> **Task brief**
Retrieve every line from the records in which the word "class" occurs.

——————————

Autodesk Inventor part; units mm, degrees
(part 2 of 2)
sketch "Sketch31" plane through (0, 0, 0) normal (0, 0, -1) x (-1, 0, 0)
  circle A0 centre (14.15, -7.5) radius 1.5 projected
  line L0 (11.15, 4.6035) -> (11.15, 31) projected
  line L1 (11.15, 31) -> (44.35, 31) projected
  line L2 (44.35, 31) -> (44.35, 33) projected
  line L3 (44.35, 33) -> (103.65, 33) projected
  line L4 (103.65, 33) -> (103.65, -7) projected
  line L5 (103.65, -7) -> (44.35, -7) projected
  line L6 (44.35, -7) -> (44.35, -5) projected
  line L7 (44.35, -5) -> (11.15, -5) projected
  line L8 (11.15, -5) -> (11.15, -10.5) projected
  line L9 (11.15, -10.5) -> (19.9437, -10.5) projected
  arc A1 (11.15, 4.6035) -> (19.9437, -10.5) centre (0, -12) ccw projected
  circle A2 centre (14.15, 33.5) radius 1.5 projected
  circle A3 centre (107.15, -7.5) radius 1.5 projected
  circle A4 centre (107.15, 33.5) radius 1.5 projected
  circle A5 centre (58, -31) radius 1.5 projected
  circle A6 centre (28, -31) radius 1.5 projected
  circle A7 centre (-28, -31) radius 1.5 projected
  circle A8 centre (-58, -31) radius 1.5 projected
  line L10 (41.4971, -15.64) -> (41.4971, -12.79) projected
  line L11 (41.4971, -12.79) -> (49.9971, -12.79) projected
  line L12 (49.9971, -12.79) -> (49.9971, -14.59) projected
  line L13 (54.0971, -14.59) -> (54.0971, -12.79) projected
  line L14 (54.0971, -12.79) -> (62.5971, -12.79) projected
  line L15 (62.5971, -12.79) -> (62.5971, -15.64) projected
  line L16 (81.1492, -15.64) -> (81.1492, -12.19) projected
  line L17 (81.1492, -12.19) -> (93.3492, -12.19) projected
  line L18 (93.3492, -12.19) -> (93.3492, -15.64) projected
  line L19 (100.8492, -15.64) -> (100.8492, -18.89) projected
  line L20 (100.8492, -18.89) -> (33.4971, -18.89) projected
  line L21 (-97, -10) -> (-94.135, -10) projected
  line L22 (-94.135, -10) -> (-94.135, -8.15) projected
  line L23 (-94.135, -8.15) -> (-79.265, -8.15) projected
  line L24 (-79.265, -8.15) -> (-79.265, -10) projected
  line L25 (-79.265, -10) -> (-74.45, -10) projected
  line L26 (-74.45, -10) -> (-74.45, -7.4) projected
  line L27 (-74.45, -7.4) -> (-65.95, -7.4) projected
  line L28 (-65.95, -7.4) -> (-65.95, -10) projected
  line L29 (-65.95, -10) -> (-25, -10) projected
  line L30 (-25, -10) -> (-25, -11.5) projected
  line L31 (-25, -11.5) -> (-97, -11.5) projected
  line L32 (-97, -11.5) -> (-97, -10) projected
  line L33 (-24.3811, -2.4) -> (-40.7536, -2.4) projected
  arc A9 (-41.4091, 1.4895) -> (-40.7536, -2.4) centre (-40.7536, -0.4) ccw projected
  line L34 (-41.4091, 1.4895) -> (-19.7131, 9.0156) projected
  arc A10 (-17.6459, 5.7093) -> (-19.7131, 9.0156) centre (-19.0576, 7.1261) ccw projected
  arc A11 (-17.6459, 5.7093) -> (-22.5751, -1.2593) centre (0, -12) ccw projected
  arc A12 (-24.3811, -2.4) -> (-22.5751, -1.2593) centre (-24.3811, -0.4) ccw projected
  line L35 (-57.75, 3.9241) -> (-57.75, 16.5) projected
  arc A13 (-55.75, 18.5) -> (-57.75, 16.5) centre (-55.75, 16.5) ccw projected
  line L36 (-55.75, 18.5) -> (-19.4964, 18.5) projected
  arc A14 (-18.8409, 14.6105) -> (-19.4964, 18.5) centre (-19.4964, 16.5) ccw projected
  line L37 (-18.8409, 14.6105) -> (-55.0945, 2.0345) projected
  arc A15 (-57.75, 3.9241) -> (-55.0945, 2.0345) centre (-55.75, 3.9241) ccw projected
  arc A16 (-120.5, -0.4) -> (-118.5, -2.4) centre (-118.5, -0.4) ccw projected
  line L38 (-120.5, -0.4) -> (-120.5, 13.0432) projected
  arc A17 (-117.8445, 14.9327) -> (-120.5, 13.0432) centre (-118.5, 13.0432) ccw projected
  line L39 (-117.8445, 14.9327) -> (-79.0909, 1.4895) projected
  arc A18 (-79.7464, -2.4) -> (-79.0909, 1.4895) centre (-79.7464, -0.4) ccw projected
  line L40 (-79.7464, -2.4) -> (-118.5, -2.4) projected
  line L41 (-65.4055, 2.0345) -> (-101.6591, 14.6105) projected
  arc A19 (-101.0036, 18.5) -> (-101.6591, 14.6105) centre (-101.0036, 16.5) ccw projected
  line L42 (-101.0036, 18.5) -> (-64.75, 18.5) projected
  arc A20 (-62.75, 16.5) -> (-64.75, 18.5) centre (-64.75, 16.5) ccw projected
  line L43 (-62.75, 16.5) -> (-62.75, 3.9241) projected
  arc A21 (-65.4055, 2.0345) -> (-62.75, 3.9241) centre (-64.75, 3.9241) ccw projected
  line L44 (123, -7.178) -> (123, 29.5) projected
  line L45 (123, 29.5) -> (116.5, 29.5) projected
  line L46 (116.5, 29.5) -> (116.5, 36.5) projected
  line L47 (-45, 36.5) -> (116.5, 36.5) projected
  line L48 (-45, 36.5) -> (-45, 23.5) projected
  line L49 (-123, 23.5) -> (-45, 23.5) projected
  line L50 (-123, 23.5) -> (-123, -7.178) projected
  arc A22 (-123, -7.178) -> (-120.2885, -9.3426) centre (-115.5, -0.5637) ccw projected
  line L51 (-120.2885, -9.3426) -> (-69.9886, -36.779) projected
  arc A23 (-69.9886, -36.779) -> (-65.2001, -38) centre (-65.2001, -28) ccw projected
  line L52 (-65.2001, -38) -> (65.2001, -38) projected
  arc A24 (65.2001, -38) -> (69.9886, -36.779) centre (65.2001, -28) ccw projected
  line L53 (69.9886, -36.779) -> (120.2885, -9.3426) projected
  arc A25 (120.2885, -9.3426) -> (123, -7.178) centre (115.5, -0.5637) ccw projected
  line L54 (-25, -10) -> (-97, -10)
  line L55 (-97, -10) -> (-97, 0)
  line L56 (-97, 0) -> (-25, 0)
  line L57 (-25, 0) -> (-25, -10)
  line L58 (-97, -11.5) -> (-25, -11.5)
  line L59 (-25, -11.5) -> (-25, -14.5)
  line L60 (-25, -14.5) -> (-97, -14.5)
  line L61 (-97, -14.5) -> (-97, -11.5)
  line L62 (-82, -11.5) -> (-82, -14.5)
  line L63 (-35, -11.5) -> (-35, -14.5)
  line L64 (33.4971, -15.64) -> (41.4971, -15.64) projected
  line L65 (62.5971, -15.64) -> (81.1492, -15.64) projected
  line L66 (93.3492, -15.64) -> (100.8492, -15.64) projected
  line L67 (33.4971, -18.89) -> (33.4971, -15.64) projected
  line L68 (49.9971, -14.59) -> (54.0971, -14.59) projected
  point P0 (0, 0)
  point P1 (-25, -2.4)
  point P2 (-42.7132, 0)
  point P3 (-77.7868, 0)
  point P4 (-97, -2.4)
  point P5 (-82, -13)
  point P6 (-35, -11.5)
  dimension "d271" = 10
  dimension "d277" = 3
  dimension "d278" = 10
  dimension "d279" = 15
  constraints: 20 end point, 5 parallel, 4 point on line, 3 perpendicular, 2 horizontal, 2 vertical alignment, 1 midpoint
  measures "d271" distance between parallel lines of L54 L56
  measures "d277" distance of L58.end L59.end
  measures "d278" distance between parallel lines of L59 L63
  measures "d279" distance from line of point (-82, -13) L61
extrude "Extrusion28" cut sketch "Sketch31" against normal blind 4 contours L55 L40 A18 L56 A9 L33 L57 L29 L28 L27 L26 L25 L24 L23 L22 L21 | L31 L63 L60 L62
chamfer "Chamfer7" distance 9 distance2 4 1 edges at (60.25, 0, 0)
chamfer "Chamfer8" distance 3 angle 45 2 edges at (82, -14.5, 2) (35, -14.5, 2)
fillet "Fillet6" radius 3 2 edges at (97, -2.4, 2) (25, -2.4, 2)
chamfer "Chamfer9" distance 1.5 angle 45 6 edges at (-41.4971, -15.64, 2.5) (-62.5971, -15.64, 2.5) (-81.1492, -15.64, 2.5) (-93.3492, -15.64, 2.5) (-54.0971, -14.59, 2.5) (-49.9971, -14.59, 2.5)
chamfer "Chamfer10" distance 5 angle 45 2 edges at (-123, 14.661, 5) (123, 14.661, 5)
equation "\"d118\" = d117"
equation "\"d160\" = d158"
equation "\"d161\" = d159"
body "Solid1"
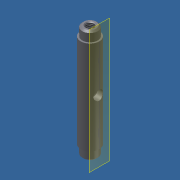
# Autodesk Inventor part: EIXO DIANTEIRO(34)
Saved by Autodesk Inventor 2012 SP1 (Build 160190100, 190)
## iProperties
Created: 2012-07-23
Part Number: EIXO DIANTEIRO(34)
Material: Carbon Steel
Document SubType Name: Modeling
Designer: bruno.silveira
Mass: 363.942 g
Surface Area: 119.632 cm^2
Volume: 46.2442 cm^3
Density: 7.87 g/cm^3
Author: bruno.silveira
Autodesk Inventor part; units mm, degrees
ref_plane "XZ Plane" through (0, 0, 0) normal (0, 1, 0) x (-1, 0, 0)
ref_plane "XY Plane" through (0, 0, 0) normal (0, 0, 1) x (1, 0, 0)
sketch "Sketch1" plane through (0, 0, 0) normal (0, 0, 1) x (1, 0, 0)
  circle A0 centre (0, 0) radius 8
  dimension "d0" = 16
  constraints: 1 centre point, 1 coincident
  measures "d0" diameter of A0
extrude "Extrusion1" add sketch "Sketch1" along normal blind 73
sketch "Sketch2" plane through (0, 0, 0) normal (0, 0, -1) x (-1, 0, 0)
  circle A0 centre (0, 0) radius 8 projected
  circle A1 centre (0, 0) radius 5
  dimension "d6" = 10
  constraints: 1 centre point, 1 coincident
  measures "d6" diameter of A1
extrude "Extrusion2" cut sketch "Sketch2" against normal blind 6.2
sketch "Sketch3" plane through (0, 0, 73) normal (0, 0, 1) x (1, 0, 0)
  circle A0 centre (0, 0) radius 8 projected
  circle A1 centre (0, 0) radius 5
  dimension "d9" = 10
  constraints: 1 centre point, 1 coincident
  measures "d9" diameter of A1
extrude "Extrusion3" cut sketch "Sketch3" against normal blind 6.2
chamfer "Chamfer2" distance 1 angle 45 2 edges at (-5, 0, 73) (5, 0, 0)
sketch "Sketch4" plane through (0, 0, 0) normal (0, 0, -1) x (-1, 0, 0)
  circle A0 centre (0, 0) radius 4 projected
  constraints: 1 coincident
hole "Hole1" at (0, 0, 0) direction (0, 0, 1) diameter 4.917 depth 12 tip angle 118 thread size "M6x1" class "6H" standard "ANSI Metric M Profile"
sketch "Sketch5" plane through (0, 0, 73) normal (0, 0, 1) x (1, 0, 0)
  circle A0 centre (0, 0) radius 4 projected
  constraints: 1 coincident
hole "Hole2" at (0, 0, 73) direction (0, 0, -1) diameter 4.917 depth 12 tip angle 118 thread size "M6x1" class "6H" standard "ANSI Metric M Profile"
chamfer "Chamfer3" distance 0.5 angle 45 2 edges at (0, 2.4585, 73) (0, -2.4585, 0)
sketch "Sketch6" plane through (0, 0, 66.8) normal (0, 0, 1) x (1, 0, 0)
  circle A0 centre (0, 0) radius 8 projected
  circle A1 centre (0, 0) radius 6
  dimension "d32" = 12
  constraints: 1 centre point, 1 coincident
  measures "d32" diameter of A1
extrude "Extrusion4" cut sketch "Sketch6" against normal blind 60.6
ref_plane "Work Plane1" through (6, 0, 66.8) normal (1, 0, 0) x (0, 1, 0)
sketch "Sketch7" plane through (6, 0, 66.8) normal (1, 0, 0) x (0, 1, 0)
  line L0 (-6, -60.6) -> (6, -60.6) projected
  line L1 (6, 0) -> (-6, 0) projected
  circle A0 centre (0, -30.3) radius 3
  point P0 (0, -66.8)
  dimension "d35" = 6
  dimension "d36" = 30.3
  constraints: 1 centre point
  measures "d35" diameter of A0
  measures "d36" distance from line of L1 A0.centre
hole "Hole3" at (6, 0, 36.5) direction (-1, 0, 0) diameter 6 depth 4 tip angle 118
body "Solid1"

——————————

> **Exercise response**
hole "Hole1" at (0, 0, 0) direction (0, 0, 1) diameter 4.917 depth 12 tip angle 118 thread size "M6x1" class "6H" standard "ANSI Metric M Profile"
hole "Hole2" at (0, 0, 73) direction (0, 0, -1) diameter 4.917 depth 12 tip angle 118 thread size "M6x1" class "6H" standard "ANSI Metric M Profile"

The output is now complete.